Durch die natürliche Beschränkung werden Sträuße und Kränze viel individueller. Du kannst halt kein Standardprogramm fahren. Das inspiriert mich. Ich überrasche auch gerne mit ausgefallenen Ideen, zum Beispiel Blumen in der Papiertüte oder Eiswaffel, oder kleine Blumen-Päckchen to go, unsere Blumen-Sushis. 

In der Mode wird das Thema Nachhaltigkeit immer wichtiger. In deiner Arbeit auch?

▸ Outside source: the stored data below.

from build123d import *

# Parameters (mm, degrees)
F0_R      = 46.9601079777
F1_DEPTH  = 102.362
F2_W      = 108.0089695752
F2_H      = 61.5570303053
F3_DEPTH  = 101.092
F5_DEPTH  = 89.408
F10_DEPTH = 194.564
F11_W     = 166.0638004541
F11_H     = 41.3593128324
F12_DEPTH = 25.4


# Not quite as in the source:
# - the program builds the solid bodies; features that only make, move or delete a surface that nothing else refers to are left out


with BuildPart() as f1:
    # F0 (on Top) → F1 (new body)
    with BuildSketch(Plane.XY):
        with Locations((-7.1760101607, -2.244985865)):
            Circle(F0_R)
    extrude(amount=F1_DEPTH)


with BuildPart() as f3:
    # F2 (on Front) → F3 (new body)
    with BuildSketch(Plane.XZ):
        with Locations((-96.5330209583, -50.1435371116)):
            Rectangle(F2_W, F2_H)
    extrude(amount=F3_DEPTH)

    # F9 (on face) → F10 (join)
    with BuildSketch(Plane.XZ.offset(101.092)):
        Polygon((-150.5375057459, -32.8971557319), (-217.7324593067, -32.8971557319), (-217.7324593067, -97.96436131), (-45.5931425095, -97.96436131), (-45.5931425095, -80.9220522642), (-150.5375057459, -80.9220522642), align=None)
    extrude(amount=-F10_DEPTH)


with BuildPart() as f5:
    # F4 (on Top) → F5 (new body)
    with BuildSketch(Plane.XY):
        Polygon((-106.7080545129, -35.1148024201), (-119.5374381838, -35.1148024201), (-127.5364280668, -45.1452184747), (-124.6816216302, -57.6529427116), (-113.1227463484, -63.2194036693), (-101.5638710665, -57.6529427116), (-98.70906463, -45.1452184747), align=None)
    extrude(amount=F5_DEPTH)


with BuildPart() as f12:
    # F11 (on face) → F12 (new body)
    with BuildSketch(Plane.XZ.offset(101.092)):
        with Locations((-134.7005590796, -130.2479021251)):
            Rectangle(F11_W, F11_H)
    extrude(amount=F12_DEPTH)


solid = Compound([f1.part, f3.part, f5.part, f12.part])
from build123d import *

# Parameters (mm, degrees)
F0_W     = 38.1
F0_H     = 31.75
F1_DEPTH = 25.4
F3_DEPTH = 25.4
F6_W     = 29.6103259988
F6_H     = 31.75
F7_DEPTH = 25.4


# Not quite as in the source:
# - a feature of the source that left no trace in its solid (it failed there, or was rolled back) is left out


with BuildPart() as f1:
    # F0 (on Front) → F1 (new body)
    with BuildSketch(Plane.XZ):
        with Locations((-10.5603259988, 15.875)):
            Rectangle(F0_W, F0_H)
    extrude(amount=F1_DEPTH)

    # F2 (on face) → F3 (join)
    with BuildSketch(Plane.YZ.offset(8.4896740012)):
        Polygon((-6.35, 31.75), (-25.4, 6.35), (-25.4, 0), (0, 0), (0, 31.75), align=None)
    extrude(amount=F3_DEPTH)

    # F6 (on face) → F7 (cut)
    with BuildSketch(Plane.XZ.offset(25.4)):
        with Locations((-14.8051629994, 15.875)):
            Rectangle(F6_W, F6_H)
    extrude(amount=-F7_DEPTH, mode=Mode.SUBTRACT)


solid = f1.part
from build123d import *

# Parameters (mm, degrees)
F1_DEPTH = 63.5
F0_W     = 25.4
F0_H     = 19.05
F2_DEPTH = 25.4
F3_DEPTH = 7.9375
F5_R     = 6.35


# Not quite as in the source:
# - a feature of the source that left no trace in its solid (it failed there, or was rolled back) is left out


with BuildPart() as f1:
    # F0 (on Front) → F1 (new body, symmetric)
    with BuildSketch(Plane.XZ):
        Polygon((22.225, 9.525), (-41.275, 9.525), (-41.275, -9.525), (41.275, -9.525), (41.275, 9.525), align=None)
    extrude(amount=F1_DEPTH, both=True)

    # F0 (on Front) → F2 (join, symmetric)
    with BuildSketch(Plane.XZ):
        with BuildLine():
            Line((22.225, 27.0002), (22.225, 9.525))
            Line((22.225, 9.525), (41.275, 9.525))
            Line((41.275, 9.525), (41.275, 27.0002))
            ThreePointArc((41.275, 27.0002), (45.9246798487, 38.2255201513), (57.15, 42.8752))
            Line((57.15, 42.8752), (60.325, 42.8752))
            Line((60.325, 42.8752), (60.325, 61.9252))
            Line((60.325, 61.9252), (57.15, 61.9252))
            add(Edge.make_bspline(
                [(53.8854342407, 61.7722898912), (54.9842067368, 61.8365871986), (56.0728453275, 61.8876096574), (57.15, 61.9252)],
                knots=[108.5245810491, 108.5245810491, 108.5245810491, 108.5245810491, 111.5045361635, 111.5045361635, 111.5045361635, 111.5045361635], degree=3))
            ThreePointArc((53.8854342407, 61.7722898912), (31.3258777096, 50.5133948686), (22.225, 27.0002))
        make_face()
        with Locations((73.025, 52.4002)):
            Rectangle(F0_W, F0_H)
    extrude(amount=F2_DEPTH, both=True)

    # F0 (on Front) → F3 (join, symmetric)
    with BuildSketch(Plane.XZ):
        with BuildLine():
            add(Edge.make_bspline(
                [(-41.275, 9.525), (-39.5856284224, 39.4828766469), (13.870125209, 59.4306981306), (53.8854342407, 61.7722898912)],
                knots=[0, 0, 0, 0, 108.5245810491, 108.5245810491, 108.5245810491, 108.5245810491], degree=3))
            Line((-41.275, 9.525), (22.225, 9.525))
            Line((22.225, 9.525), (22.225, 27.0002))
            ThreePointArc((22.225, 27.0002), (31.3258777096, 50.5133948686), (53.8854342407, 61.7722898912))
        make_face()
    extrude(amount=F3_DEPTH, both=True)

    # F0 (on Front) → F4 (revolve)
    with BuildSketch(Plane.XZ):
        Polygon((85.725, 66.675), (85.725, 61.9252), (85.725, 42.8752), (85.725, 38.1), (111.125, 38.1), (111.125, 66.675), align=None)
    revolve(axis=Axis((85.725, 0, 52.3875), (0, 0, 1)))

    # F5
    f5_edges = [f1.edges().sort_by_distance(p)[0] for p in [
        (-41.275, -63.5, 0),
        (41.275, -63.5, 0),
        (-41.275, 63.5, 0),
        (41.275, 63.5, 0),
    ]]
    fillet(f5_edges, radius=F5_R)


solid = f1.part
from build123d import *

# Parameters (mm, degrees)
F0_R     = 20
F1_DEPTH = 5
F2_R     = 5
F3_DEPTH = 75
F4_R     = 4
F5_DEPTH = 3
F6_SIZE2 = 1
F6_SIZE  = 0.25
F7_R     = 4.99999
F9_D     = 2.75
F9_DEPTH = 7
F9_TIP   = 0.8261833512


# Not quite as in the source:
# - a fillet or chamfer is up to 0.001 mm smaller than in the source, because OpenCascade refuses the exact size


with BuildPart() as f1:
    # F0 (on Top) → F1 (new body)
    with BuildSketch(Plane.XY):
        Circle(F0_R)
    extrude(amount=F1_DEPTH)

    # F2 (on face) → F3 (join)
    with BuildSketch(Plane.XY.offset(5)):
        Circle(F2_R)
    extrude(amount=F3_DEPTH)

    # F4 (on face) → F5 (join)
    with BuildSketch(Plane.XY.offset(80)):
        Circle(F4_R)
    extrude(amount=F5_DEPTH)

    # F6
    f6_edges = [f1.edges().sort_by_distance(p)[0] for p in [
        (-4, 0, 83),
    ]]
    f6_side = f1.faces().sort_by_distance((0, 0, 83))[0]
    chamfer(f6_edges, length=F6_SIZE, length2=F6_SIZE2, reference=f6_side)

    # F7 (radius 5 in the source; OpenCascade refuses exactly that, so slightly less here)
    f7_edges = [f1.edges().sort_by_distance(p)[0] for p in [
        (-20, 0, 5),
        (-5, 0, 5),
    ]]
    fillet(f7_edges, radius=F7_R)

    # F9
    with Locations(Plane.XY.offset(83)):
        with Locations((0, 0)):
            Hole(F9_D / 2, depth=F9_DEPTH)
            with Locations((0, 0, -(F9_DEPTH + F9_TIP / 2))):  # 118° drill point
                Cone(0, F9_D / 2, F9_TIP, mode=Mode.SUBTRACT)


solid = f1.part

Absolut! Da bin ich seit einigen Jahren dran. Ich kaufe viel regional ein, auch auf Bauernhöfen im Umland. Da möcht ich in Zukunft noch einen Schritt weiter gehen. Durch die Kooperation mit einer regionalen Flower-Farm. Dort wird alles selbst angebaut und ich kann die Blumen direkt abnehmen. Natürlichkeit fließt auch in die Sträuße ein. Ich versuche Nichts krampfhaft eine besondere Note aufzudrücken. Ich arbeite so natürlich wie möglich. 

Was heißt das konkret?

Hm… Zum Beispiel ohne gefärbte Blumen (ja, die gibt’s tatsächlich ziemlich oft), mit sehr wenig Grün. Das Grün kann dir den ganzen Strauß kaputt machen. Das wähl ich sehr bewusst aus, vielleicht mal Salbei oder Minze oder Gräser, auch gerne Zweige. Zum Glück verändert sich auch der Geschmack der Kunden in diese Richtung: Sie wollen, dass es natürlich rüberkommt!  

Du bindest keine Sträuße im Hinterzimmer, sondern direkt im Laden. Wie in einer Werkstatt. Deshalb auch der Name?

Genau. Ich will offen zeigen, wie ich als Florist arbeite. Ein Laden, der auch Charakter hat. Das ist kein steriler Verkaufsraum, sondern hier fliegen auch mal Blätter von der Theke. Und: es gibt keine Massenabfertigung, sondern echtes Handwerk. Das heißt auch, Sträuße und Blumenschmuck sind sehr individuell. Genau deshalb kommen die Leute dann wieder. Das ist ein riesen Lob. Sie merken, dass ich hier was anders mache. 

Christian, vielen Dank für das Gespräch!